Director: Ryan Murphy
Writer: Ryan Murphy Jennifer Salt (screenplay), Elizabeth Gilbert (novel)
Released: August 2010
Starring: Julia Roberts, James Franco, Richard Jenkins, Viola Davis, Billy Crudup, Javier Bardem
I have avoided writing this review for years because the thought of it exhausts me, as did the film.
Eat Pray Love is about Elizabeth Gilbert (Julia Roberts) who has a large home, a husband and a great job, but she feels empty and without an ‘appetite’ for life. She soon instigates a divorce from her husband (Billy Crudup) whom she feels no connection to, before having a rebound relationship with David (James Franco).

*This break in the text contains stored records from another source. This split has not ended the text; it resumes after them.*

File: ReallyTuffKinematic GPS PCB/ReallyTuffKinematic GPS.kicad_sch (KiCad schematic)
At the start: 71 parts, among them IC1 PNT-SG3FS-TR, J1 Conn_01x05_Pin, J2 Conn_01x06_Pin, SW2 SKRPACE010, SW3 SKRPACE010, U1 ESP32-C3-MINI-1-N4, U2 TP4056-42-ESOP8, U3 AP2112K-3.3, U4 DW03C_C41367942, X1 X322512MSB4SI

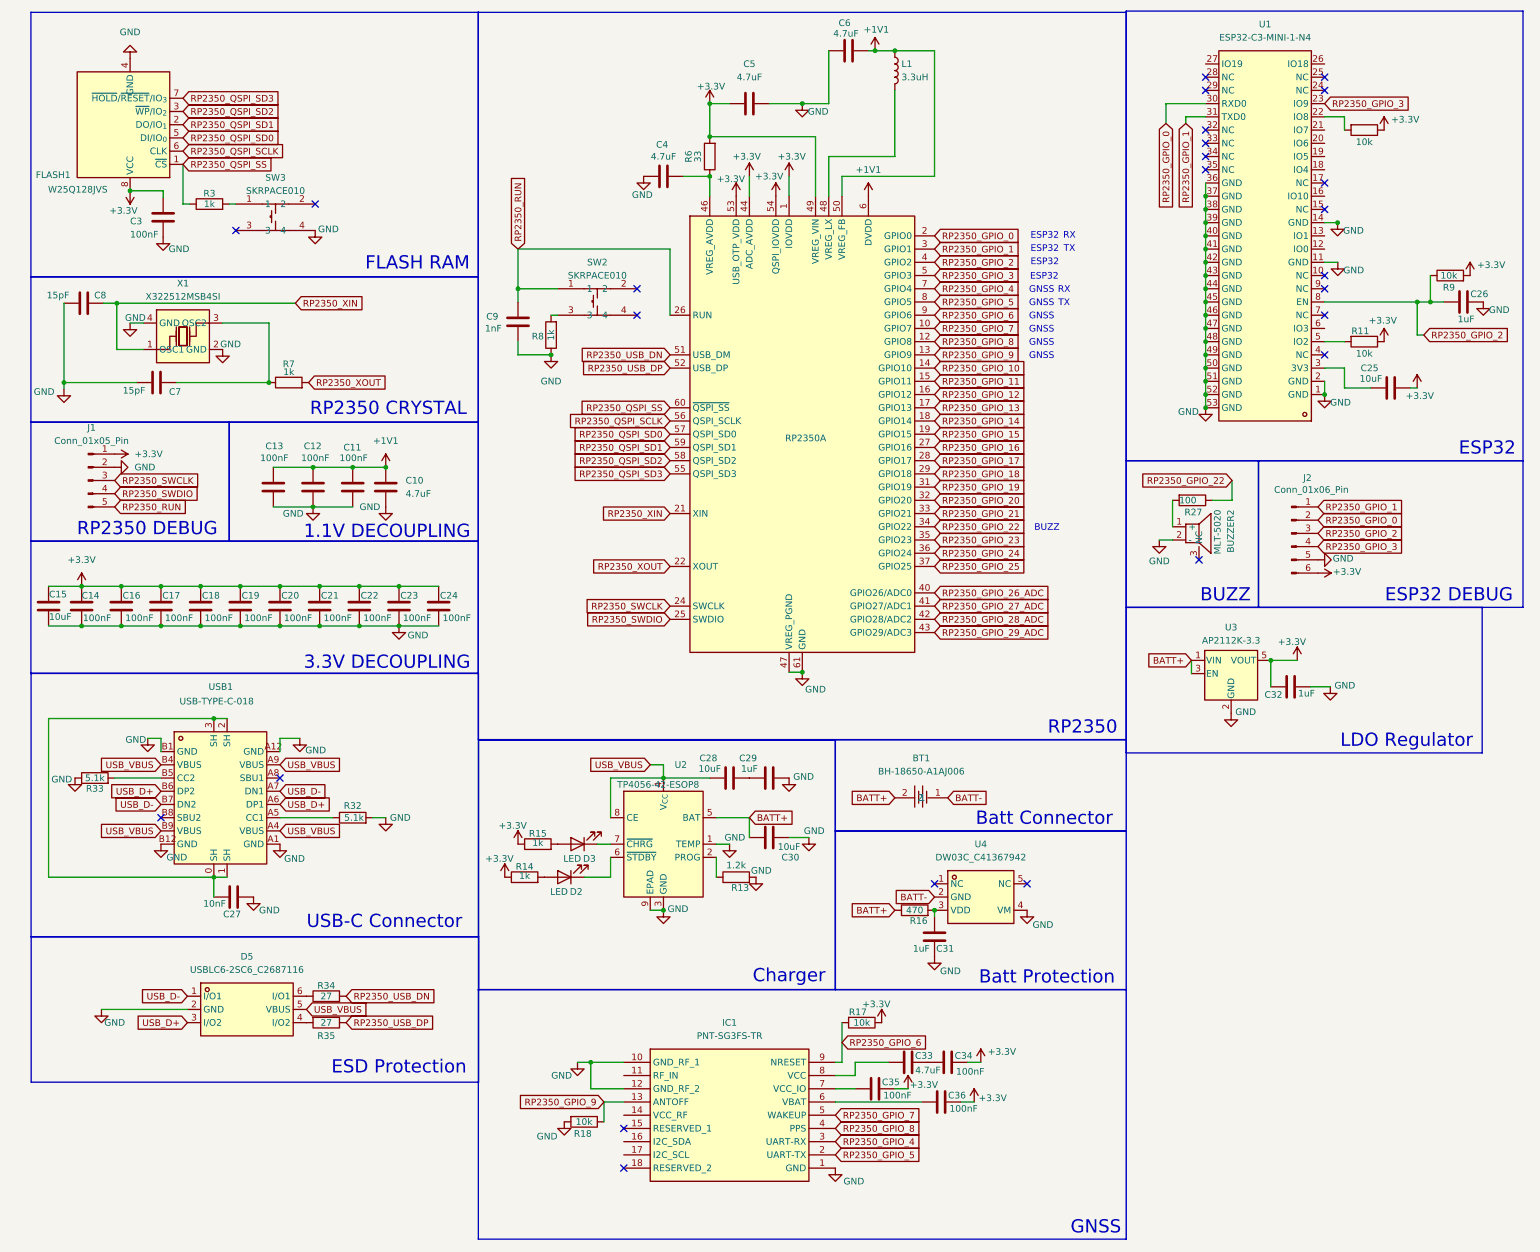
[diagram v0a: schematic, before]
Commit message: began redoing wiring
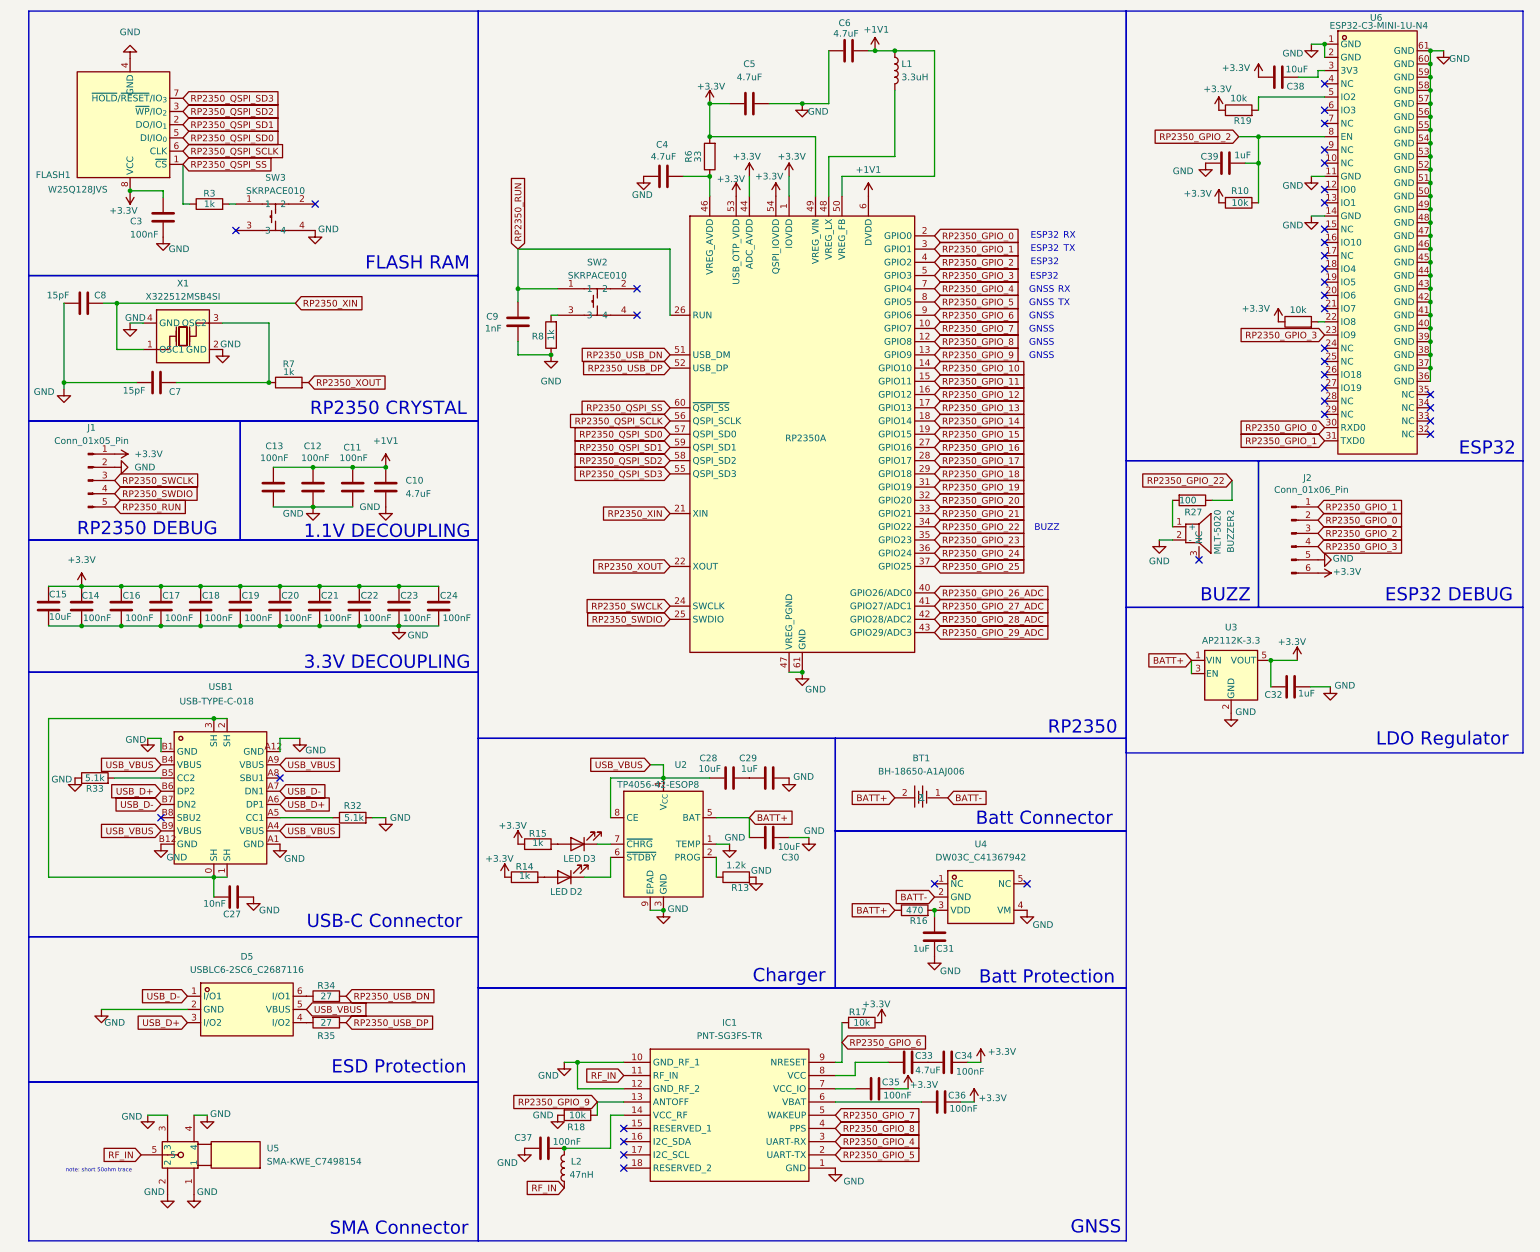
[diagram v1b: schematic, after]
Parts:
- removed C25: 10uF, Capacitor_SMD:C_0603_1608Metric, symbol Device:C
- removed C26: 1uF, Capacitor_SMD:C_0603_1608Metric, symbol Device:C
- removed R11, R12, R9: 10k, Resistor_SMD:R_0603_1608Metric, symbol Device:R
- removed U1: ESP32-C3-MINI-1-N4, easyeda2kicad:WIFIM-SMD_ESP32-C3-MINI-1, symbol easyeda2kicad:ESP32-C3-MINI-1-N4
- added C37: 100nF, Capacitor_SMD:C_0603_1608Metric, symbol Device:C
- added C38: 10uF, Capacitor_SMD:C_0603_1608Metric, symbol Device:C
- added C39: 1uF, Capacitor_SMD:C_0603_1608Metric, symbol Device:C
- added L2: 47nH, symbol Device:L
- added R10, R19, R20: 10k, Resistor_SMD:R_0603_1608Metric, symbol Device:R
- added U5: SMA-KWE_C7498154, easyeda2kicad:SMA-TH_SMA-KWE_C7498154, symbol easyeda2kicad:SMA-KWE_C7498154
- added U6: ESP32-C3-MINI-1U-N4, easyeda2kicad:WIFIM-SMD_61P-L13.2-W12.5-P0.80, symbol easyeda2kicad:ESP32-C3-MINI-1U-N4
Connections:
- net +3.3V: now also C38.2, R10.2, R19.1, R20.1
- net GND: now also C37.1, C39.1, U5.1, U5.2, U5.3, U5.4, U6.1 (GND), U6.11 (GND), U6.14 (GND), U6.2 (GND), U6.36 (GND), U6.37 (GND), U6.38 (GND), U6.39 (GND), U6.40 (GND), U6.41 (GND), U6.42 (GND), U6.43 (GND), U6.44 (GND), U6.45 (GND), U6.46 (GND), U6.47 (GND), U6.48 (GND), U6.49 (GND), U6.50 (GND), U6.51 (GND), U6.52 (GND), U6.53 (GND), U6.54 (GND), U6.55 (GND), U6.56 (GND), U6.57 (GND), U6.58 (GND), U6.59 (GND), U6.60 (GND), U6.61 (GND)
- net RP2350_GPIO_0: now also U6.30 (RXD0)
- net RP2350_GPIO_1: now also U6.31 (TXD0)
- net RP2350_GPIO_2: now also C39.2, R10.1, U6.8 (EN)
- net RP2350_GPIO_3: now also U6.23 (IO9)
- net RF_IN: now reaches IC1.11 (RF_IN)
- net RF_IN: now also L2.1, U5.5
- net at IC1.14 (VCC_RF): now also C37.2, L2.2
- new net: C38.1, U6.3 (3V3)
- new net: R20.2, U6.22 (IO8)
- new net: R19.2, U6.5 (IO2)
- no-connect marks 25 -> 37
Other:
- note added: "SMA Connector"
- note added: "note: short 50ohm trace"
- moved on the sheet: R18

Elizabeth: Hadn’t I wanted this? I had actively participated in every moment of the creation of this life. So why didn’t I see myself in any of it? The only thing more impossible than staying… was leaving. I didn’t want to hurt anybody, I wanted to slip quietly out the back door and not stop running until I reached Greenland.
A comment in the early part of the film that sticks in my head is by Elizabeth’s best friend Delia (Viola Davis). She says that Elizabeth used to look like Steven (her ex-husband), and now she looked like David (her rebound boyfriend).
As in, she was trying to find herself in others and consequently copying the way they dressed. I thought that was insightful and very relatable because when you don’t know who you are, you pretend to be someone else.
So Elizabeth decides to go travelling for a year to Italy to find her appetite again (eat), then India to experience peace (pray), and then Bali for balance, which turns into love.
Elizabeth: I used to have this appetite for my life, and now it’s gone! …I want to go somewhere where I can marvel at something.
Julia Roberts was the perfect choice because she plays a down-to-earth, complicated and romantic character. Her character is also quite inspirational as she does exactly what she tells everyone she’s going to do; travel!
She’s especially inspirational in comparison to her rebound actor boyfriend David who talks a lot about what he’s going to do but never actually does it.
Elizabeth: If you’re brave enough to leave behind everything familiar and comforting, which can be anything from your house to bitter, old resentments, and set out on a truth-seeking journey… then the truth will not be withheld from you.
Eat Love Pray does have a particularly ‘privileged, rich, skinny, white woman is feeling sad’ kind of vibe. So I can imagine this detracts from the message significantly. Especially when the slim characters supposedly get ‘muffin tops’ from eating too much pizza and pasta. Like, girl, there’s nothing to you!
Nevertheless, there are a lot of philosophical lessons that are learnt by Elizabeth along the way, which I enjoy. It truly is a very personal discovery that she goes through, with her self-reflection and life lessons being relatable and aspirational.
In Italy, she learns to enjoy herself and not worry about her waistline. She learns to taste, enjoy, not feel guilty and to not deny herself of feeling good.
Luca Spaghetti: Americans! You work too hard. …you don’t know pleasure. You have to be told you’ve earned it. You see a commercial that says, “It’s Miller time”… and you say, “That’s right. Now I will go to buy a six-pack”. And drink the whole thing and wake up the next morning and you feel terrible.
But an Italian doesn’t need to be told. He walks by a sign that says, “You deserve a break today”… and he says, “Yeah, I know. That’s why I’m planning on taking a break at noon… to go over to your house and sleep with your wife”.
In India, she learns to block out the noise and to live in the moment. She learns to make peace with her past and let resentment go.
Richard from Texas: Big deal. So you fell in love with someone
Elizabeth: But I miss him.
Richard from Texas: So Miss him! Send him light and love when you think of him and then drop it!
Finally, in Bali, she discovers true love.
Filipe: You don’t need a man, Liz. You need a champion.
While in theory this should be a film I absolutely adore, unfortunately it is simply far too long (two and a half hours) with too many complicated internal conflicts to digest.
But I do appreciate that a lot of people can relate to running away from a ‘perfect’ life to search for themselves across the world.
Overall, it’s got strong messages but by the end I felt like I had travelled the world myself. I was exhausted.